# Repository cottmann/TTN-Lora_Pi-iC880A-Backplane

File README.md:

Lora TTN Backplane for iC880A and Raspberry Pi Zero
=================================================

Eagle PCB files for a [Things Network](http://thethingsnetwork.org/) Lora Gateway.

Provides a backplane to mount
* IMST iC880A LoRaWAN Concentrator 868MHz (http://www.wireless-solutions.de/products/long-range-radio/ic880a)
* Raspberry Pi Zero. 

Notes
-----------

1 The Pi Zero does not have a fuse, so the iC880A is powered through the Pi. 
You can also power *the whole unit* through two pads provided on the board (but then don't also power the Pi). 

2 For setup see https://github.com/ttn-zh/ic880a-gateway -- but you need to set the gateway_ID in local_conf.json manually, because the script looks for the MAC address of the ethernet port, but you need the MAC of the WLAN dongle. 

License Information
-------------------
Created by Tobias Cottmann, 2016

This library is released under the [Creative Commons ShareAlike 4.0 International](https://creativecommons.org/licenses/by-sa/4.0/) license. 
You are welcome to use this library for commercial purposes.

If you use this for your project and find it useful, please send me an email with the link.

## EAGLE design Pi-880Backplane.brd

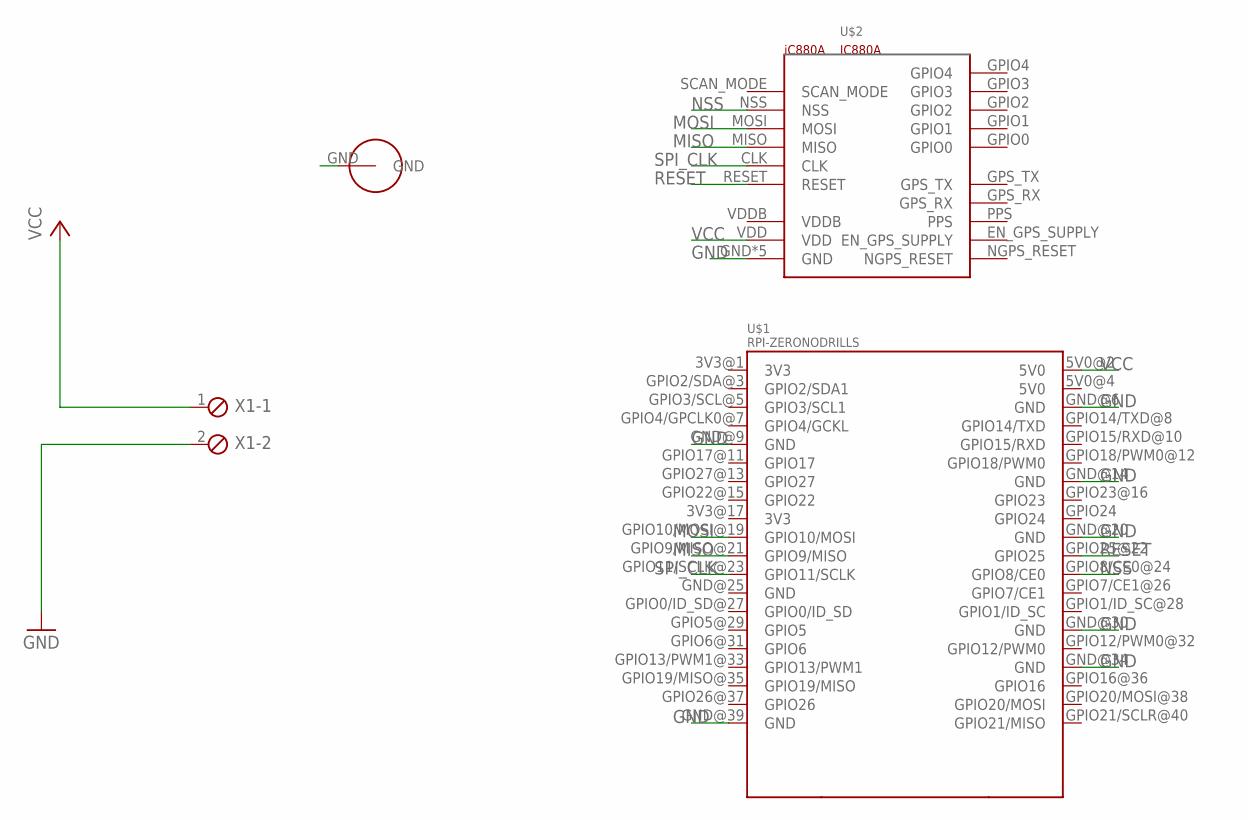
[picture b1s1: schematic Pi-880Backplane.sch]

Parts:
U$1: RPI-ZERONODRILLS; RPI-ZERO-NODRILLS
U$2: IC880A
U$3: SMA-PIGTAIL-MOUNT
X1: MPT2; 2POL254

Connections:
GND: U$1.GND@6 (GND), U$1.GND@9 (GND), U$1.GND@14 (GND), U$1.GND@20 (GND), U$1.GND@30 (GND), U$1.GND@34 (GND), U$1.GND@39 (GND), U$2.GND, U$2.GND2 (GND), U$2.GND3 (GND), U$2.GND4 (GND), U$2.GND5 (GND), U$3.GND, X1.2
MISO: U$1.GPIO9/MISO@21 (GPIO9/MISO), U$2.MISO
MOSI: U$1.GPIO10/MOSI@19 (GPIO10/MOSI), U$2.MOSI
NSS: U$1.GPIO8/CE0@24 (GPIO8/CE0), U$2.NSS
RESET: U$1.GPIO25@22 (GPIO25), U$2.RESET
SPI_CLK: U$1.GPIO11/SCLK@23 (GPIO11/SCLK), U$2.CLK
VCC: U$1.5V0@2 (5V0), U$2.VDD, X1.1

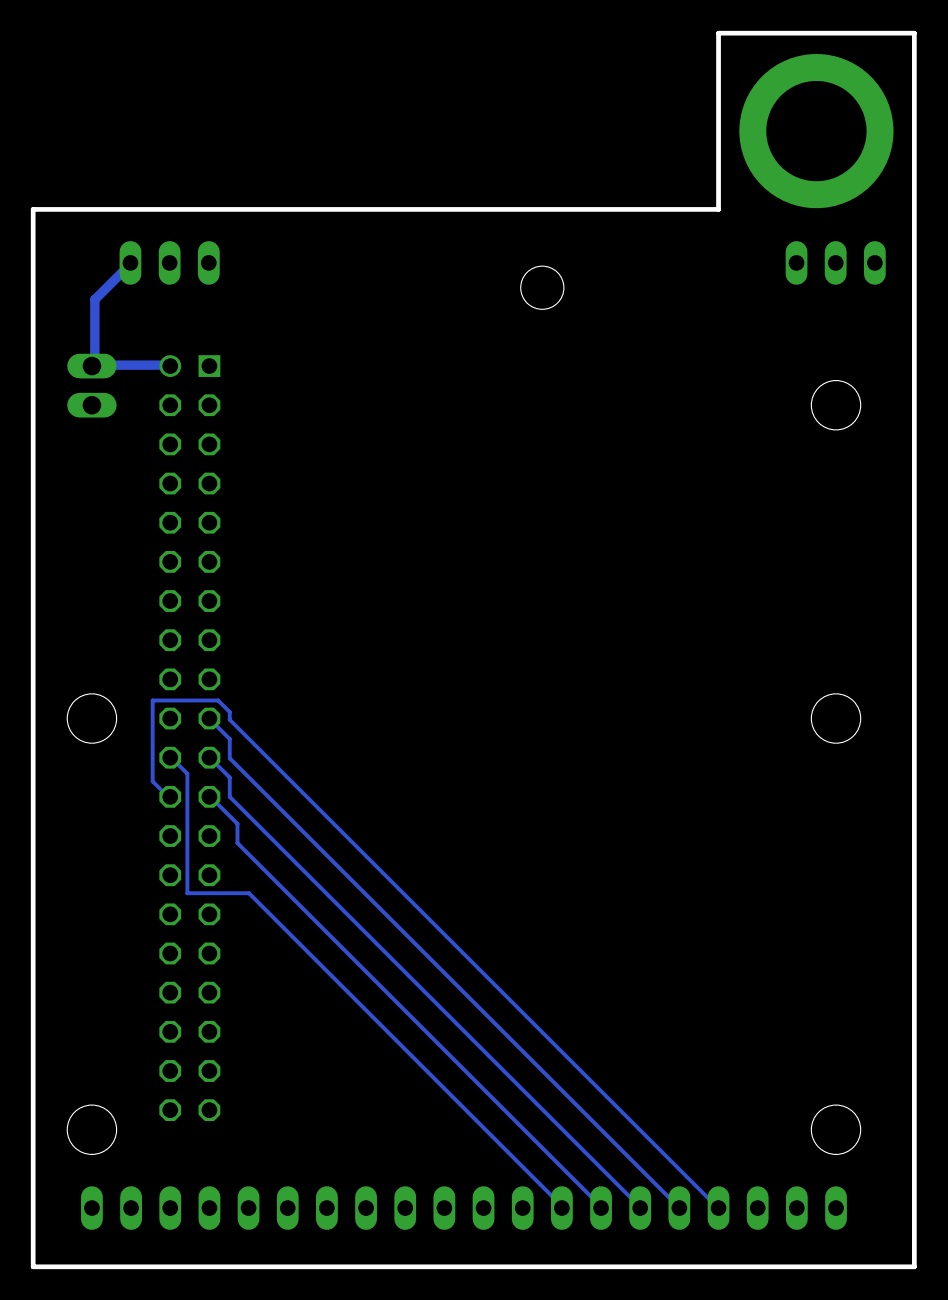
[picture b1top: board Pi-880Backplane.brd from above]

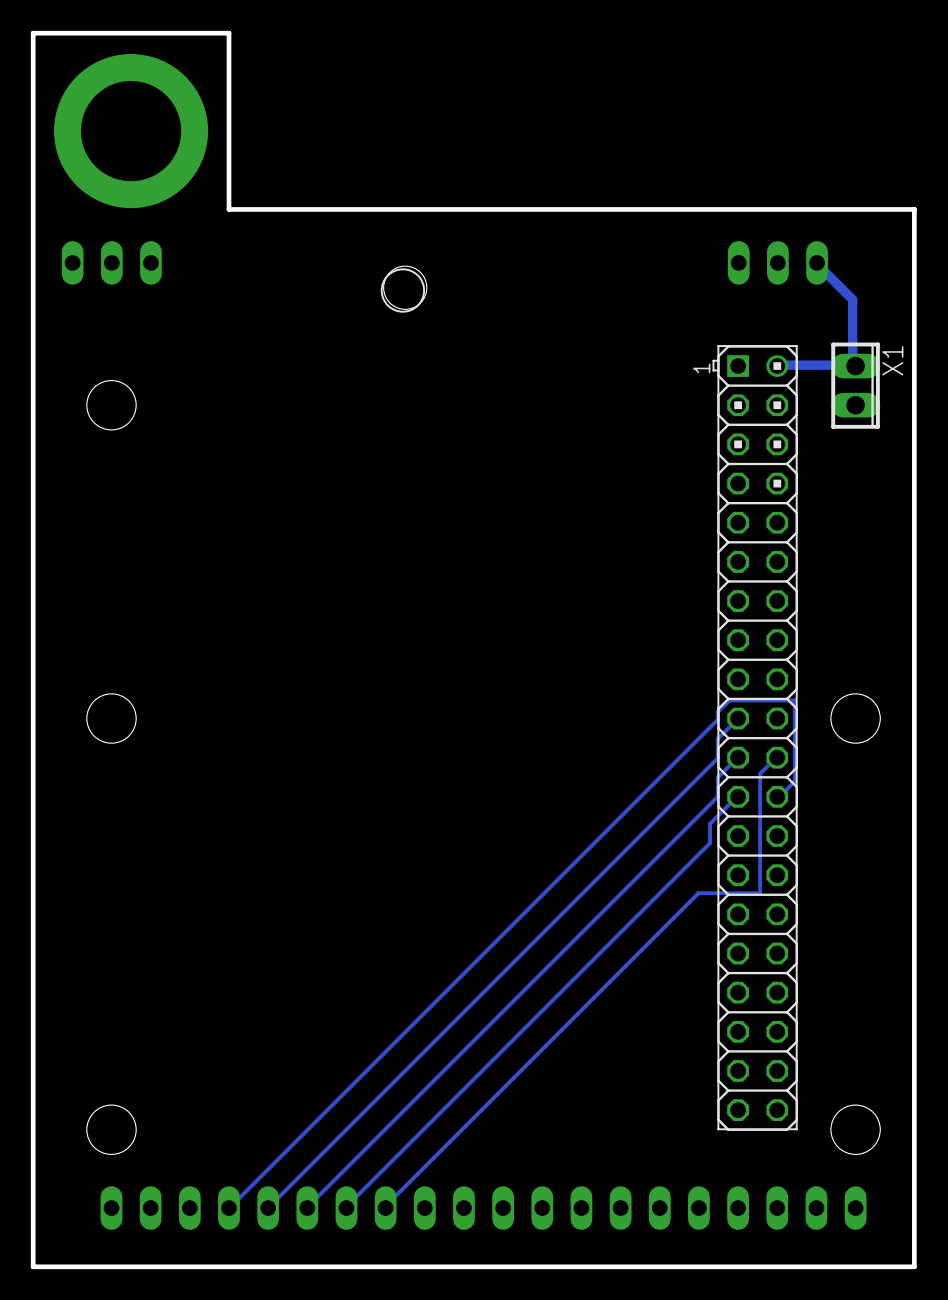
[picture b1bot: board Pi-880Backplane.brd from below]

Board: 2 copper layers, 57.1 x 80.0 mm, 4 parts (2 on the bottom side), 7 nets.

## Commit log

2016-01-10 :octocat: Added .gitattributes & .gitignore files
2016-01-10 version 1
    one-sided. relatively large board.
2016-01-16 First board
2016-02-06 Drill holes bigger
2016-02-07 Better SMA mount
2016-02-07 gitignor
2016-02-07 .gitignore
2016-02-08 Minimal documentation added
2016-02-08 Merged v2
2016-02-08 fix .gitignore
2016-02-08 Add small picture
2016-02-08 Add mounting hole for the Pi
    But board is too small to also have mounting holes for the iC880A.

-=-=-

= ACTION ITEM =
Using only the data above, copy out the lines that include the word "from".

= OUTPUT OF THE EXERCISE =
[picture b1top: board Pi-880Backplane.brd from above]
[picture b1bot: board Pi-880Backplane.brd from below]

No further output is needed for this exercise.